"Hari ini jadi ke tempat eommoni?"
Chaeyeon bergumam sembari menatap Hyunjin dari pantulannya di cermin kamar. Suaminya sedang sibuk menyimpul dasi dengan mulut yang bergerak mengunyah roti. Hyunjin mengangguk pelan, balas menatap sang istri dengan ekspresi ingin tahu.
"Ya. Kenapa, Sayang?"
"Nggak apa-apa," jawab Chaeyeon pelan. Sebenarnya kemarin ia berharap Hyunjin membatalkan rencana kunjungan ke rumah mertua karena Chaeyeon kebetulan harus masuk kerja hari ini. Ia sedikit tidak enak badan. Perutnya terasa agak nyeri sejak bangun tidur, tetapi Chaeyeon berusaha mengabaikannya. Ia pikir mungkin hanya karena stress. Lagipula ia tidak mengalami keluhan lain sehingga baginya tidak ada alasan untuk menyampaikannya pada sang suami.

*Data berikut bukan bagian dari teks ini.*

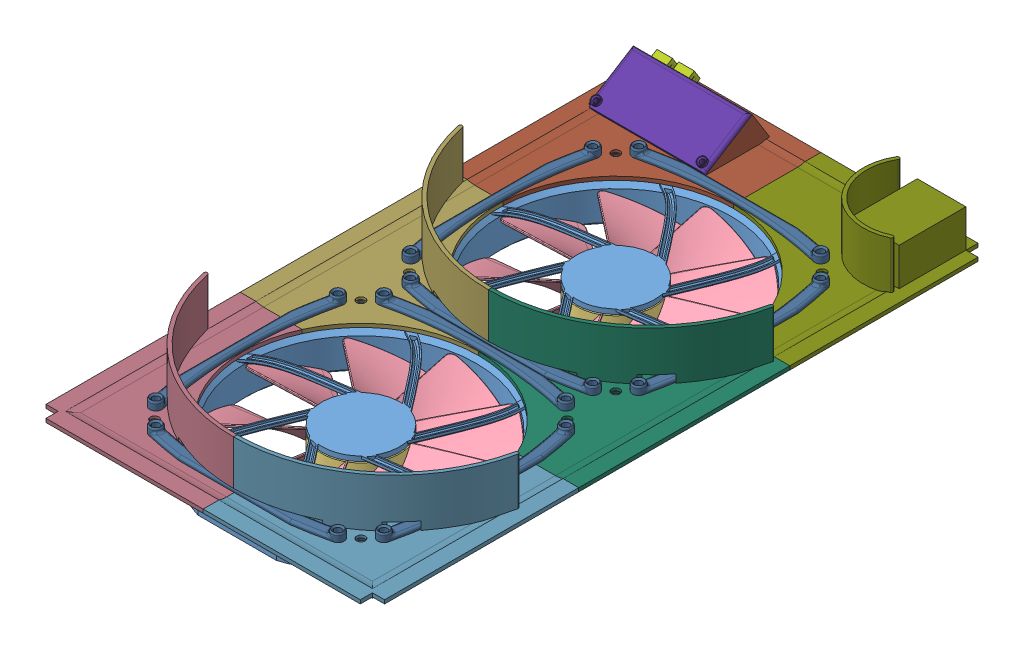
SolidWorks assembly Fan-Holder-Top, configuration Standard. Lengths in mm.
Overall size (279 74.13 511.33).
69 component instances, 17 part files, 118 mates.
Components (placement in the parent):
- NF-A20-1: NF-A20 [Standard] at (37.5 -31 481) x (-1 0 0) z (0 0 1) size (257.72 31.13 257.72)
  - NF-A20-Caase-1: NF-A20-Caase [Standard] at origin size (204 31 204)
    - NF-A20-Case-1: NF-A20-Case [Standard] at (-102 -30.5 -102) size (204 30 204)
    - NF-A20-Rubber-Edge-1: NF-A20-Rubber-Edge [Standard] at (-101.5 -0.5 -101.5) x (0 0 1) z (1 0 0) size (33.51 6.5 33.5)
    - NF-A20-Rubber-Edge-2: NF-A20-Rubber-Edge [Standard] at (-101.5 -0.5 -102.5) x (1 0 0) z (0 0 -1) size (33.51 6.5 33.5)
    - NF-A20-Rubber-Edge-3: NF-A20-Rubber-Edge [Standard] at (-102.5 -0.5 -101.5) x (-1 0 0) z (0 0 1) size (33.51 6.5 33.5)
    - NF-A20-Rubber-Edge-4: NF-A20-Rubber-Edge [Standard] at (-102.5 -0.5 -102.5) x (0 0 -1) z (-1 0 0) size (33.51 6.5 33.5)
    - NF-A20-Rubber-Edge-5: NF-A20-Rubber-Edge [Standard] at (-102.5 -30.5 -102.5) x (-1 0 0) z (0 0 -1) size (33.51 6.5 33.5)
    - NF-A20-Rubber-Edge-6: NF-A20-Rubber-Edge [Standard] at (-101.5 -30.5 -102.5) x (0 0 -1) z (1 0 0) size (33.51 6.5 33.5)
    - NF-A20-Rubber-Edge-7: NF-A20-Rubber-Edge [Standard] at (-102.5 -30.5 -101.5) x (0 0 1) z (-1 0 0) size (33.51 6.5 33.5)
    - NF-A20-Rubber-Edge-8: NF-A20-Rubber-Edge [Standard] at (-101.5 -30.5 -101.5) size (33.51 6.5 33.5)
  - NF-A20-Rotor-1: NF-A20-Rotor [Standard] at (-56.8129 -0.5 -99.5251) x (0.667379 0 0.744718) z (-0.744718 0 0.667379) size (214.05 28.34 214.61)
    - NF-A20-Rotor-Core-1: NF-A20-Rotor-Core [Standard] at (-32 -30 32) x (0.999376 0 -0.035329) z (0.035329 0 0.999376) size (64 25 64)
    - NF-A20-Rotor-Fin-1: NF-A20-Rotor-Fin [Standard] at (-33.0712 -30.212 32.0423) x (0.970961 -0.007209 0.239128) z (-0.23919 -0.009447 0.970927) size (68.87 27.34 53.71)
    - NF-A20-Rotor-Fin-2: NF-A20-Rotor-Fin [Standard] at (-32.8478 -30.212 31.3438) x (0.590091 -0.007209 0.807305) z (-0.80733 -0.009447 0.590025) size (68.87 27.34 53.71)
    - NF-A20-Rotor-Fin-3: NF-A20-Rotor-Fin [Standard] at (-32.2277 -30.212 30.9524) x (-0.06689 -0.007209 0.997734) z (-0.997711 -0.009447 -0.066957) size (68.87 27.34 53.71)
    - NF-A20-Rotor-Fin-4: NF-A20-Rotor-Fin [Standard] at (-31.501 -30.212 31.0512) x (-0.692572 -0.007209 0.721313) z (-0.721252 -0.009447 -0.692608) size (68.87 27.34 53.71)
    - NF-A20-Rotor-Fin-5: NF-A20-Rotor-Fin [Standard] at (-31.0079 -30.212 31.5939) x (-0.994192 -0.007209 0.107381) z (-0.107311 -0.009447 -0.994181) size (68.87 27.34 53.71)
    - NF-A20-Rotor-Fin-6: NF-A20-Rotor-Fin [Standard] at (-30.9789 -30.212 32.3266) x (-0.830618 -0.007209 -0.556796) z (0.556842 -0.009447 -0.830565) size (68.87 27.34 53.71)
    - NF-A20-Rotor-Fin-7: NF-A20-Rotor-Fin [Standard] at (-31.4278 -30.212 32.9066) x (-0.278389 -0.007209 -0.960441) z (0.960442 -0.009447 -0.278319) size (68.87 27.34 53.71)
    - NF-A20-Rotor-Fin-8: NF-A20-Rotor-Fin [Standard] at (-32.1444 -30.212 33.0623) x (0.404101 -0.007209 -0.914686) z (0.914641 -0.009447 0.404156) size (68.87 27.34 53.71)
    - NF-A20-Rotor-Fin-9: NF-A20-Rotor-Fin [Standard] at (-32.7934 -30.212 32.7209) x (0.897508 -0.007209 -0.440939) z (0.440869 -0.009447 0.897522) size (68.87 27.34 53.71)
- NF-A20-2: NF-A20 [Standard] at (37.5 -31 271) x (-1 0 0) z (0 0 1) size (257.72 31.13 257.72)
  - NF-A20-Caase-1: NF-A20-Caase [Standard] at origin size (204 31 204)
    - NF-A20-Case-1: NF-A20-Case [Standard] at (-102 -30.5 -102) size (204 30 204)
    - NF-A20-Rubber-Edge-1: NF-A20-Rubber-Edge [Standard] at (-101.5 -0.5 -101.5) x (0 0 1) z (1 0 0) size (33.51 6.5 33.5)
    - NF-A20-Rubber-Edge-2: NF-A20-Rubber-Edge [Standard] at (-101.5 -0.5 -102.5) x (1 0 0) z (0 0 -1) size (33.51 6.5 33.5)
    - NF-A20-Rubber-Edge-3: NF-A20-Rubber-Edge [Standard] at (-102.5 -0.5 -101.5) x (-1 0 0) z (0 0 1) size (33.51 6.5 33.5)
    - NF-A20-Rubber-Edge-4: NF-A20-Rubber-Edge [Standard] at (-102.5 -0.5 -102.5) x (0 0 -1) z (-1 0 0) size (33.51 6.5 33.5)
    - NF-A20-Rubber-Edge-5: NF-A20-Rubber-Edge [Standard] at (-102.5 -30.5 -102.5) x (-1 0 0) z (0 0 -1) size (33.51 6.5 33.5)
    - NF-A20-Rubber-Edge-6: NF-A20-Rubber-Edge [Standard] at (-101.5 -30.5 -102.5) x (0 0 -1) z (1 0 0) size (33.51 6.5 33.5)
    - NF-A20-Rubber-Edge-7: NF-A20-Rubber-Edge [Standard] at (-102.5 -30.5 -101.5) x (0 0 1) z (-1 0 0) size (33.51 6.5 33.5)
    - NF-A20-Rubber-Edge-8: NF-A20-Rubber-Edge [Standard] at (-101.5 -30.5 -101.5) size (33.51 6.5 33.5)
  - NF-A20-Rotor-1: NF-A20-Rotor [Standard] at (-56.8129 -0.5 -99.5251) x (0.667379 0 0.744718) z (-0.744718 0 0.667379) size (214.05 28.34 214.61)
    - NF-A20-Rotor-Core-1: NF-A20-Rotor-Core [Standard] at (-32 -30 32) x (0.999376 0 -0.035329) z (0.035329 0 0.999376) size (64 25 64)
    - NF-A20-Rotor-Fin-1: NF-A20-Rotor-Fin [Standard] at (-33.0712 -30.212 32.0423) x (0.970961 -0.007209 0.239128) z (-0.23919 -0.009447 0.970927) size (68.87 27.34 53.71)
    - NF-A20-Rotor-Fin-2: NF-A20-Rotor-Fin [Standard] at (-32.8478 -30.212 31.3438) x (0.590091 -0.007209 0.807305) z (-0.80733 -0.009447 0.590025) size (68.87 27.34 53.71)
    - NF-A20-Rotor-Fin-3: NF-A20-Rotor-Fin [Standard] at (-32.2277 -30.212 30.9524) x (-0.06689 -0.007209 0.997734) z (-0.997711 -0.009447 -0.066957) size (68.87 27.34 53.71)
    - NF-A20-Rotor-Fin-4: NF-A20-Rotor-Fin [Standard] at (-31.501 -30.212 31.0512) x (-0.692572 -0.007209 0.721313) z (-0.721252 -0.009447 -0.692608) size (68.87 27.34 53.71)
    - NF-A20-Rotor-Fin-5: NF-A20-Rotor-Fin [Standard] at (-31.0079 -30.212 31.5939) x (-0.994192 -0.007209 0.107381) z (-0.107311 -0.009447 -0.994181) size (68.87 27.34 53.71)
    - NF-A20-Rotor-Fin-6: NF-A20-Rotor-Fin [Standard] at (-30.9789 -30.212 32.3266) x (-0.830618 -0.007209 -0.556796) z (0.556842 -0.009447 -0.830565) size (68.87 27.34 53.71)
    - NF-A20-Rotor-Fin-7: NF-A20-Rotor-Fin [Standard] at (-31.4278 -30.212 32.9066) x (-0.278389 -0.007209 -0.960441) z (0.960442 -0.009447 -0.278319) size (68.87 27.34 53.71)
    - NF-A20-Rotor-Fin-8: NF-A20-Rotor-Fin [Standard] at (-32.1444 -30.212 33.0623) x (0.404101 -0.007209 -0.914686) z (0.914641 -0.009447 0.404156) size (68.87 27.34 53.71)
    - NF-A20-Rotor-Fin-9: NF-A20-Rotor-Fin [Standard] at (-32.7934 -30.212 32.7209) x (0.897508 -0.007209 -0.440939) z (0.440869 -0.009447 0.897522) size (68.87 27.34 53.71)
- C13-1: C13 [Standard] at (428.85 142.117 11.7209) x (0 0.66262 0.748956) z (0 -0.748956 0.66262) size (33.71 31.21 34)
- Keystone-LC-1: Keystone-LC [Standard] at (15.4 21.5546 20.9693) x (-1 0 0) z (0 0.529919 -0.848048) size (22 18.2 25.8)
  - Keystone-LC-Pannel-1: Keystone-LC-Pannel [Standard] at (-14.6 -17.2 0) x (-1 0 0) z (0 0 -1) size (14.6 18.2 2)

Namun karena sudah terlanjur janji pada ibunda Hyunjin untuk berkunjung, ia pun akhirnya mengikuti keputusan suaminya. Kesibukan Hyunjin yang semakin hari semakin bertambah membuatnya sulit bertemu dengan kedua orangtuanya. Kesempatan ini sudah ditunggu oleh Hyunjin sejak lama karena ia sangat merindukan keluarganya. Terutama Kkami, si anjing chihuahua hitam putih yang sudah dianggap Hyunjin bagaikan adik sendiri.
"Nanti kalau sudah pulang kujemput ya, Chae. Aku harus beli beberapa barang pesanan eomma dan appa dulu begitu pulang dari kantor," Hyunjin yang sudah rapi kini bergegas menghampiri Chaeyeon dan memberinya kecupan di kening.
"Mmhm. Hati-hati berangkatnya, Sayang," Chaeyeon menepuk pelan lengan suaminya yang sudah harus berangkat kerja. Sementara ia akan dijemput Chaeryeong satu jam lagi untuk diantar ke tempat kerjanya.
"Kamu juga hati-hati. Salam sama Ryeongie."
"Oke. Bye, Jinnie."
Chaeyeon mengantarkan Hyunjin ke pintu dan melambaikan tangan tepat hingga pintu depan apartemen tertutup. Ketika ia hendak kembali ke kamar, tiba-tiba saja perut Chaeyeon terasa nyeri hingga membuatnya bergegas menuju sofa dan meringkuk di sana.
"Astaga! Eonnie!" suara Chaeryeong yang terdengar dari pintu membuatnya terkejut. Namun Chaeyeon tidak bisa mengatakan apapun lantaran sibuk mengaduh. Nyeri yang teramat sangat itu mulai membuatnya pusing. Dan entah kenapa sesuatu terasa membasahi pakaiannya dan membuatnya menatap Chaeryeong dengan sorot ketakutan.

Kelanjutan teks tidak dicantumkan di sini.